**ACTIVITY**
Find "#5702 = LINE ( 'NONE', #6971, #13263 ) ;" and "#10125 = DIRECTION" in the records below. Copy the lines holding them and every line between, exactly, and no others.

Records from a data source:
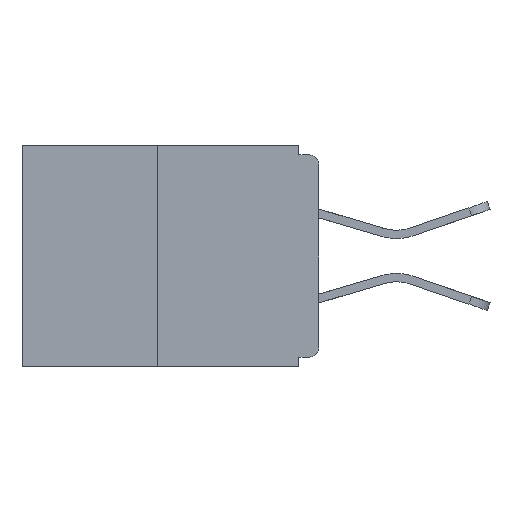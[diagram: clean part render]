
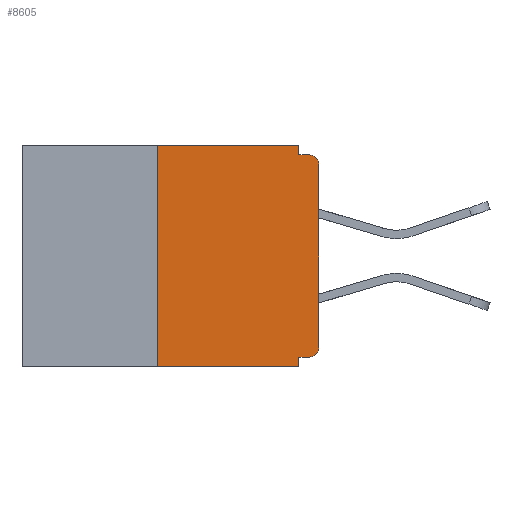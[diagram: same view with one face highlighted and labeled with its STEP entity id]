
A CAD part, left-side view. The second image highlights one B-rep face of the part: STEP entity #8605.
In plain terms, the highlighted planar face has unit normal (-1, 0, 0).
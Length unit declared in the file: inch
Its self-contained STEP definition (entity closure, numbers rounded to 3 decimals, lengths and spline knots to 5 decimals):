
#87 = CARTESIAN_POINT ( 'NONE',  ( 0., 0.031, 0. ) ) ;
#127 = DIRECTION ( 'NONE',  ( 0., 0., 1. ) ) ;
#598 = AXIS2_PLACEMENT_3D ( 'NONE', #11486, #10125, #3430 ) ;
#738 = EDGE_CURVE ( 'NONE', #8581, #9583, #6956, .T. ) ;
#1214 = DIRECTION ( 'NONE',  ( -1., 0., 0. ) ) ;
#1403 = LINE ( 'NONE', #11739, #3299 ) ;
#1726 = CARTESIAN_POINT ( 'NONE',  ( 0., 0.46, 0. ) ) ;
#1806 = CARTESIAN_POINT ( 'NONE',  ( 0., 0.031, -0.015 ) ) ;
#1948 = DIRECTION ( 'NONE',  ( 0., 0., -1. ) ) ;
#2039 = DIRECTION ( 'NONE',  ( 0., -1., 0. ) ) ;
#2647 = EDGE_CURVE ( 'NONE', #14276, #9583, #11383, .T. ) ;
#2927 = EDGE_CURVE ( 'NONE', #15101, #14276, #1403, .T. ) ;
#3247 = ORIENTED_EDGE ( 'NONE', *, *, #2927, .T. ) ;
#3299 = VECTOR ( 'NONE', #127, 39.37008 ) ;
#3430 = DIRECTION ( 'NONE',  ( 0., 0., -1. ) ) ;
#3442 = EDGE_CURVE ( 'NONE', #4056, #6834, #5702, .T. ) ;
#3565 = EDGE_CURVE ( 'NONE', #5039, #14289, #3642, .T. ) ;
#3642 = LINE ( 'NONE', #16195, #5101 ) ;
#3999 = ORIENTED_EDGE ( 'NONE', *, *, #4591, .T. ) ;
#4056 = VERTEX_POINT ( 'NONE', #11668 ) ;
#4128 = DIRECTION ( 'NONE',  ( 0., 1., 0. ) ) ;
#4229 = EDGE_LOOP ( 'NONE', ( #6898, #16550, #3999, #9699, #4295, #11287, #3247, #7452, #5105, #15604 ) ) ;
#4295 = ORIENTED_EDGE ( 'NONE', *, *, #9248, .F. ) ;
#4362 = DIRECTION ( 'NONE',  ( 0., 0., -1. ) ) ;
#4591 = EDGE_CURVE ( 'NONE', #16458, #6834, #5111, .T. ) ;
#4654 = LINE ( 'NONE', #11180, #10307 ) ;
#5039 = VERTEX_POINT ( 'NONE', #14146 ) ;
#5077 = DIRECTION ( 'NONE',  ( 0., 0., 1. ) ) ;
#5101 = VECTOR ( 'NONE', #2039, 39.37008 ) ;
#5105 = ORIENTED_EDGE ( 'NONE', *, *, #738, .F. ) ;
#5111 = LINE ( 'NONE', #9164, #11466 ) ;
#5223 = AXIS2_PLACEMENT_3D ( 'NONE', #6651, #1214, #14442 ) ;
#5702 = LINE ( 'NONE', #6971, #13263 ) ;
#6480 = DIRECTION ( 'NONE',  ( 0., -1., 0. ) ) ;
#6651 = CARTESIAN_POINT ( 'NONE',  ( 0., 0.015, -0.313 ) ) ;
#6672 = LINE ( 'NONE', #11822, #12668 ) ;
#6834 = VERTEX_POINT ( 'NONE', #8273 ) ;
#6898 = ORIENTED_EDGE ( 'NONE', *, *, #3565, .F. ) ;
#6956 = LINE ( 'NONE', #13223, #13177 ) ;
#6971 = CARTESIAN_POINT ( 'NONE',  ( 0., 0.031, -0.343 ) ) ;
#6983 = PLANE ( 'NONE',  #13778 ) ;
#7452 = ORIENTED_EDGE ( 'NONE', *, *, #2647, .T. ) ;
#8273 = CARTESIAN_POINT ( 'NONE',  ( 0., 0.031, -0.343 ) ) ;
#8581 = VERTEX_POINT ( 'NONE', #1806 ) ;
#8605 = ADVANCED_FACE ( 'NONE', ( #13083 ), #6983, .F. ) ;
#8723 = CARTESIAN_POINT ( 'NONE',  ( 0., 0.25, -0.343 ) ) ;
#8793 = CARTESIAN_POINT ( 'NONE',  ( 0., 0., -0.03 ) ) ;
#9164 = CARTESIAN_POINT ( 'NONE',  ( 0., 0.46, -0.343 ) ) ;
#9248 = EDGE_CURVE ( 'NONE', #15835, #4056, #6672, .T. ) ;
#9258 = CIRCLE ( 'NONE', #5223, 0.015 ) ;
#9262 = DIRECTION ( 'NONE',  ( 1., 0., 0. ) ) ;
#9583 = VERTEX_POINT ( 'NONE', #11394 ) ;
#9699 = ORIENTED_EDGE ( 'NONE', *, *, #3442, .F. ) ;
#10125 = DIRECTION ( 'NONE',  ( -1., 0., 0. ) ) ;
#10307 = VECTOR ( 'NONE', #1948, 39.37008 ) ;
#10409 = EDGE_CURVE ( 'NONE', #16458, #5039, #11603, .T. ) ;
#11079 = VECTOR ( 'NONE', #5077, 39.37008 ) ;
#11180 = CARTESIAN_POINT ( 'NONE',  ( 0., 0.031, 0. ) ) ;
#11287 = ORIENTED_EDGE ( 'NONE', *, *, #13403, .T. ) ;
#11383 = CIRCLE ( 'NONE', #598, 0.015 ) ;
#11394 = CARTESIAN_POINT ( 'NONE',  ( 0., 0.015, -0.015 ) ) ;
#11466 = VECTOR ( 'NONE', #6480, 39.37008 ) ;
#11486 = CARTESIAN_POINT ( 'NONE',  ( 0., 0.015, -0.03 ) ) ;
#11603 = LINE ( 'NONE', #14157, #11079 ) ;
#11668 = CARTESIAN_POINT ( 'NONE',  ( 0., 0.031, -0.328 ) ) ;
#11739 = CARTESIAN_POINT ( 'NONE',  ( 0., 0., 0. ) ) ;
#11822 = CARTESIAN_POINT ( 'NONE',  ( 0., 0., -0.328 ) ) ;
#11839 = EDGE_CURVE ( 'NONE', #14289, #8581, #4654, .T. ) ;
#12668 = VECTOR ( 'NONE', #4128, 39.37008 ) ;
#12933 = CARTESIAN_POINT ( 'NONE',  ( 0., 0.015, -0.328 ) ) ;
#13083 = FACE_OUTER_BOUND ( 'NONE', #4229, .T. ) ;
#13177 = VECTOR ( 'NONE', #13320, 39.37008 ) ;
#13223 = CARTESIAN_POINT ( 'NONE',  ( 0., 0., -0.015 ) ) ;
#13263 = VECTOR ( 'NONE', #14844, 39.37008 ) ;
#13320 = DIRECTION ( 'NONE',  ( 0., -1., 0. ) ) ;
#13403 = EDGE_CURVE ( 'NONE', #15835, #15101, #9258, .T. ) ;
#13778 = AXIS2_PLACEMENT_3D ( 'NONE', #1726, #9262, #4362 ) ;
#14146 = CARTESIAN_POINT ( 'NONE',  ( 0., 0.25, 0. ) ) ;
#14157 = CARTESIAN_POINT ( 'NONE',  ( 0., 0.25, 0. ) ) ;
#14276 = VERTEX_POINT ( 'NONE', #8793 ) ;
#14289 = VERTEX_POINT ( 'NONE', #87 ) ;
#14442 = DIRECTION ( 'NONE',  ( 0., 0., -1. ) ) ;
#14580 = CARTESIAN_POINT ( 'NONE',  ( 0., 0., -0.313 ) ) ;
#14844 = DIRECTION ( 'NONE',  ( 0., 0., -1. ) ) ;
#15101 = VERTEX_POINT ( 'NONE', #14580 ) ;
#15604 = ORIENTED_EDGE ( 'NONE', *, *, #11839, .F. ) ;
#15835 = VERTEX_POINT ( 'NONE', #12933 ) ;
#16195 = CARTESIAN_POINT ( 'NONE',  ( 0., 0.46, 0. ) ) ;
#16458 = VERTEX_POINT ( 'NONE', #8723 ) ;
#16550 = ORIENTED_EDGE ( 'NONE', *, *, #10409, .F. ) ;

**REPLY**
#5702 = LINE ( 'NONE', #6971, #13263 ) ;
#6480 = DIRECTION ( 'NONE',  ( 0., -1., 0. ) ) ;
#6651 = CARTESIAN_POINT ( 'NONE',  ( 0., 0.015, -0.313 ) ) ;
#6672 = LINE ( 'NONE', #11822, #12668 ) ;
#6834 = VERTEX_POINT ( 'NONE', #8273 ) ;
#6898 = ORIENTED_EDGE ( 'NONE', *, *, #3565, .F. ) ;
#6956 = LINE ( 'NONE', #13223, #13177 ) ;
#6971 = CARTESIAN_POINT ( 'NONE',  ( 0., 0.031, -0.343 ) ) ;
#6983 = PLANE ( 'NONE',  #13778 ) ;
#7452 = ORIENTED_EDGE ( 'NONE', *, *, #2647, .T. ) ;
#8273 = CARTESIAN_POINT ( 'NONE',  ( 0., 0.031, -0.343 ) ) ;
#8581 = VERTEX_POINT ( 'NONE', #1806 ) ;
#8605 = ADVANCED_FACE ( 'NONE', ( #13083 ), #6983, .F. ) ;
#8723 = CARTESIAN_POINT ( 'NONE',  ( 0., 0.25, -0.343 ) ) ;
#8793 = CARTESIAN_POINT ( 'NONE',  ( 0., 0., -0.03 ) ) ;
#9164 = CARTESIAN_POINT ( 'NONE',  ( 0., 0.46, -0.343 ) ) ;
#9248 = EDGE_CURVE ( 'NONE', #15835, #4056, #6672, .T. ) ;
#9258 = CIRCLE ( 'NONE', #5223, 0.015 ) ;
#9262 = DIRECTION ( 'NONE',  ( 1., 0., 0. ) ) ;
#9583 = VERTEX_POINT ( 'NONE', #11394 ) ;
#9699 = ORIENTED_EDGE ( 'NONE', *, *, #3442, .F. ) ;
#10125 = DIRECTION ( 'NONE',  ( -1., 0., 0. ) ) ;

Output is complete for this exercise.